Provided material:
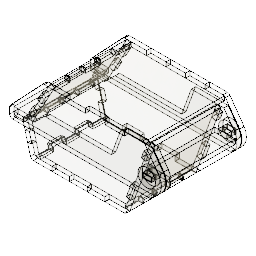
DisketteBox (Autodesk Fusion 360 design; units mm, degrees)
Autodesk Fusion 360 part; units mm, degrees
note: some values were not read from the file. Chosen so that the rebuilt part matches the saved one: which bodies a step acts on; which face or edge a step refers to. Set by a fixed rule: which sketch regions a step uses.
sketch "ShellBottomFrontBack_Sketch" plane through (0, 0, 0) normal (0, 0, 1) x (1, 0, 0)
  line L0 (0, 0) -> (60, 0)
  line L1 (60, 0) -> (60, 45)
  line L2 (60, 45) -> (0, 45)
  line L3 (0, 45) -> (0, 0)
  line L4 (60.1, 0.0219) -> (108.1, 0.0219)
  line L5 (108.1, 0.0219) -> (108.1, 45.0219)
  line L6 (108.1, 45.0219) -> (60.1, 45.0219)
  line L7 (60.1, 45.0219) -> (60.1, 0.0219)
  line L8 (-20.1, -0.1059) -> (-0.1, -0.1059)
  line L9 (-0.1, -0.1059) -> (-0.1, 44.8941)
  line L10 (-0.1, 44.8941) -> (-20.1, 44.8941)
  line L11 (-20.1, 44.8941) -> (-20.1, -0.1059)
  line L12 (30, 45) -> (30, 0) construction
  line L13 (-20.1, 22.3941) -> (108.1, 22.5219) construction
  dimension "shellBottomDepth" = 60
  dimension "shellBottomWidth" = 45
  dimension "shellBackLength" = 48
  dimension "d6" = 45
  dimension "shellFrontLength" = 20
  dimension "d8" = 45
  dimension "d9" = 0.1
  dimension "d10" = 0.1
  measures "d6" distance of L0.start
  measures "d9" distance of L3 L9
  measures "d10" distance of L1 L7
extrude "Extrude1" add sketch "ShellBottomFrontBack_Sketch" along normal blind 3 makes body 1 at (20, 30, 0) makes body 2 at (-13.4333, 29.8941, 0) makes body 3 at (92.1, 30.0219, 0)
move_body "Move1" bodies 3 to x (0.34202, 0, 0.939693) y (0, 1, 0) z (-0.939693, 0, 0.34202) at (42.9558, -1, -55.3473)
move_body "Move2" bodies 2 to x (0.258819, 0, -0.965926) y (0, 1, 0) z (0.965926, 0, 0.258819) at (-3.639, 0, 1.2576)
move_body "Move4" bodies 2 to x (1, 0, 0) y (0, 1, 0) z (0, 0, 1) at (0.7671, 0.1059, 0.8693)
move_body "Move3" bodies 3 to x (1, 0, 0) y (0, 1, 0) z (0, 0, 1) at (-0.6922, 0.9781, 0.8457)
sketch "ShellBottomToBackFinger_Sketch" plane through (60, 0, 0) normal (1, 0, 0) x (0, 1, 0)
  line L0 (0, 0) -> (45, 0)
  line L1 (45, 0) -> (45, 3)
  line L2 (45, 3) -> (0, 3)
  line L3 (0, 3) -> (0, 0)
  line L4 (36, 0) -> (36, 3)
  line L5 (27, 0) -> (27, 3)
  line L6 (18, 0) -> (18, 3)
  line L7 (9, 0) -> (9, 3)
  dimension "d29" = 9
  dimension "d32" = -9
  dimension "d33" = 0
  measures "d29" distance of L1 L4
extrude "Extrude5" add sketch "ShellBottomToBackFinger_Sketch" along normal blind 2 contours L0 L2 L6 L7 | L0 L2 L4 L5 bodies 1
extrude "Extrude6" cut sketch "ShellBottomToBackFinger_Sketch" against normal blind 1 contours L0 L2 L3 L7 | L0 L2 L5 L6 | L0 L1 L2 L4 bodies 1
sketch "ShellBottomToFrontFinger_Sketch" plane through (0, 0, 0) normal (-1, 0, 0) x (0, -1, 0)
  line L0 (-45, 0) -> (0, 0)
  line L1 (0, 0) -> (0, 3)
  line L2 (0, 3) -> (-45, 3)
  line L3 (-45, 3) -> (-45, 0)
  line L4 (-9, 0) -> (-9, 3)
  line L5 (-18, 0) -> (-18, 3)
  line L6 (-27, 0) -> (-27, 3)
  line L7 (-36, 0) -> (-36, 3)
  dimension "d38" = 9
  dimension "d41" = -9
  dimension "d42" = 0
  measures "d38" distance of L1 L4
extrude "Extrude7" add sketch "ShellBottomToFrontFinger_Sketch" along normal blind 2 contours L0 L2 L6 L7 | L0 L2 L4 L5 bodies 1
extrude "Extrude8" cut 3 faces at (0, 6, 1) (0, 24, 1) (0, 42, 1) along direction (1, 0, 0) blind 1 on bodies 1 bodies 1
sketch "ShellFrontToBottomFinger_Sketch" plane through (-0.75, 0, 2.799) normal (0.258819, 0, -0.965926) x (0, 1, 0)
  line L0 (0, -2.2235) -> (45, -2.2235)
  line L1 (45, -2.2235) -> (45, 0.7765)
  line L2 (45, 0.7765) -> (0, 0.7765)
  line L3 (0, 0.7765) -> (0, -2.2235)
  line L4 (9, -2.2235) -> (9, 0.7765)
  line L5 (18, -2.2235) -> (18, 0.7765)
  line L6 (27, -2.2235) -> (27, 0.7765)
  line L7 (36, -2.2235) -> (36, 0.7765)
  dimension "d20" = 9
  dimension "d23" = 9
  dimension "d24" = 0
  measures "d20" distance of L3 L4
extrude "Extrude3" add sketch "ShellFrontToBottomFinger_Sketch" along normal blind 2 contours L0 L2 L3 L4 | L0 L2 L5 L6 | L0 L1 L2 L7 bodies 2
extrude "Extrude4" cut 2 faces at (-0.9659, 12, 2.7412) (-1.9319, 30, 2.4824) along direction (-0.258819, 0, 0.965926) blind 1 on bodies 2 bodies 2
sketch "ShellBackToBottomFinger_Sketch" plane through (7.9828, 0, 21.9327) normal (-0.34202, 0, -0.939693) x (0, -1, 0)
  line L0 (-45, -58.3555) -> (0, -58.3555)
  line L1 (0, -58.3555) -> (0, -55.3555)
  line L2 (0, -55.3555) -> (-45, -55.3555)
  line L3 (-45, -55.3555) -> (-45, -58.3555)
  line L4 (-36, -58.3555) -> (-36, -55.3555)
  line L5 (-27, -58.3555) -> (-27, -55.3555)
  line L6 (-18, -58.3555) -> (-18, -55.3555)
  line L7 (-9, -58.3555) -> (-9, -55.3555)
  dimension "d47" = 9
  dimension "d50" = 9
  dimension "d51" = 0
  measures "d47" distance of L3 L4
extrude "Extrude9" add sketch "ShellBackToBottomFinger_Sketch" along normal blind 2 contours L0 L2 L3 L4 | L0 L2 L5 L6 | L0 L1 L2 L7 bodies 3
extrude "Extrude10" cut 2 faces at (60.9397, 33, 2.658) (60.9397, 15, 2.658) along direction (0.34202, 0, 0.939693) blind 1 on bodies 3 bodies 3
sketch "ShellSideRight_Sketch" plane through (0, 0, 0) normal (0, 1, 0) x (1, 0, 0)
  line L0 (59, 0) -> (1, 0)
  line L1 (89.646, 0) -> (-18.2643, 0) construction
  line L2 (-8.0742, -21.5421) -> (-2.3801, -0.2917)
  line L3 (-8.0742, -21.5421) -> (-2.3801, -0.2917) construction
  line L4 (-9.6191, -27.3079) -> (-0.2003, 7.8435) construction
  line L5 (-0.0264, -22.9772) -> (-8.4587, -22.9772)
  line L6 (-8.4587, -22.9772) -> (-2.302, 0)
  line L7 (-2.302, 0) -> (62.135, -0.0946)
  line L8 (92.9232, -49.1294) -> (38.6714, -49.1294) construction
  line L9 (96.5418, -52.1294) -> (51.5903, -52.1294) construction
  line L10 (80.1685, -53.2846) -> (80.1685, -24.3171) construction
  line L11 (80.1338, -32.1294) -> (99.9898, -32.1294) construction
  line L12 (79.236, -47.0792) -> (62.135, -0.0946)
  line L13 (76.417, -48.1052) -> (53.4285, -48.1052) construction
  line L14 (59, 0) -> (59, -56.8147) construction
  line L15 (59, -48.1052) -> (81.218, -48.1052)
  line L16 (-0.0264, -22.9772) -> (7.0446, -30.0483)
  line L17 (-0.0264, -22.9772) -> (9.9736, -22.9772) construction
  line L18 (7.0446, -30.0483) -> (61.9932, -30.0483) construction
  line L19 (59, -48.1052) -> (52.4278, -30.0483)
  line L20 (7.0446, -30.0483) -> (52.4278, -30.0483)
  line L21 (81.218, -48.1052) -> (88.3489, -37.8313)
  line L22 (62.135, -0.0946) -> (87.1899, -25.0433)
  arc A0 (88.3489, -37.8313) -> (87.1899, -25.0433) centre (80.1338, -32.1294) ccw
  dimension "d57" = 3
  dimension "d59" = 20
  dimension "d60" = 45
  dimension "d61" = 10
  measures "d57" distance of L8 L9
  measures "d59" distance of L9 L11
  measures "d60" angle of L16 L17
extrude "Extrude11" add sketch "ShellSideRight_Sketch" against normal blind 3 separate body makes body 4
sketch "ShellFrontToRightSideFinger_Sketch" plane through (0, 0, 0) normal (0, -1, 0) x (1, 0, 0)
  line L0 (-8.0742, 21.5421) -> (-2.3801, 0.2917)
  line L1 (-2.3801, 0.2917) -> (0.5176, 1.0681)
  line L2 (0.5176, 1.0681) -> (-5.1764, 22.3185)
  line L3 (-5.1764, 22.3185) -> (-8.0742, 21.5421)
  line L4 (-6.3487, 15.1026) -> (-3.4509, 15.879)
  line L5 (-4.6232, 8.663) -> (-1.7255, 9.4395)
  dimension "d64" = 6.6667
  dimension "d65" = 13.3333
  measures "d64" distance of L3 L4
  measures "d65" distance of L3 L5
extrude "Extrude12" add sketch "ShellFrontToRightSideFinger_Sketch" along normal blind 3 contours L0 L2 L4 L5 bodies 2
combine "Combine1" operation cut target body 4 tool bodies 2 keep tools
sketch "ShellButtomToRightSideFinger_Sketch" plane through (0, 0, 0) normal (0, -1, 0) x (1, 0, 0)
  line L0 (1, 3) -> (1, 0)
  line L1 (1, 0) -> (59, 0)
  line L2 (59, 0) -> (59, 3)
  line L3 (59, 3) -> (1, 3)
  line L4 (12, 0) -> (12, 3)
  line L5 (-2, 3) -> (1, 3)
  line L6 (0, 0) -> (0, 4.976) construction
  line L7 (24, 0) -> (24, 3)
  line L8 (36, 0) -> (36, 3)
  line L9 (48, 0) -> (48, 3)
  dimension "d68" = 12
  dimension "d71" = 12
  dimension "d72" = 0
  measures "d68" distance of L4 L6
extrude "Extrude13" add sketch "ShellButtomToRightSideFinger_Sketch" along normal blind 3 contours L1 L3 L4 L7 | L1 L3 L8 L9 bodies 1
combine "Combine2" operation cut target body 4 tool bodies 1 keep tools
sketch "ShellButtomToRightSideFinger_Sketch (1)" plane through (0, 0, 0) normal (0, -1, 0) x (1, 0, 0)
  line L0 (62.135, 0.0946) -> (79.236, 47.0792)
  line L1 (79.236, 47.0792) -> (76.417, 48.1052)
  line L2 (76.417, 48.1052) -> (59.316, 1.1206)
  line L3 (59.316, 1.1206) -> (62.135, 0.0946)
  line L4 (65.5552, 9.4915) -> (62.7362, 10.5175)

Activity: Give an exact copy of the lines above from the line with "line L9 (48, 0) -> (48, 3)" up to and including the line with "1 keep tools", and leave everything else out.

Solution to this task:
  line L9 (48, 0) -> (48, 3)
  dimension "d68" = 12
  dimension "d71" = 12
  dimension "d72" = 0
  measures "d68" distance of L4 L6
extrude "Extrude13" add sketch "ShellButtomToRightSideFinger_Sketch" along normal blind 3 contours L1 L3 L4 L7 | L1 L3 L8 L9 bodies 1
combine "Combine2" operation cut target body 4 tool bodies 1 keep tools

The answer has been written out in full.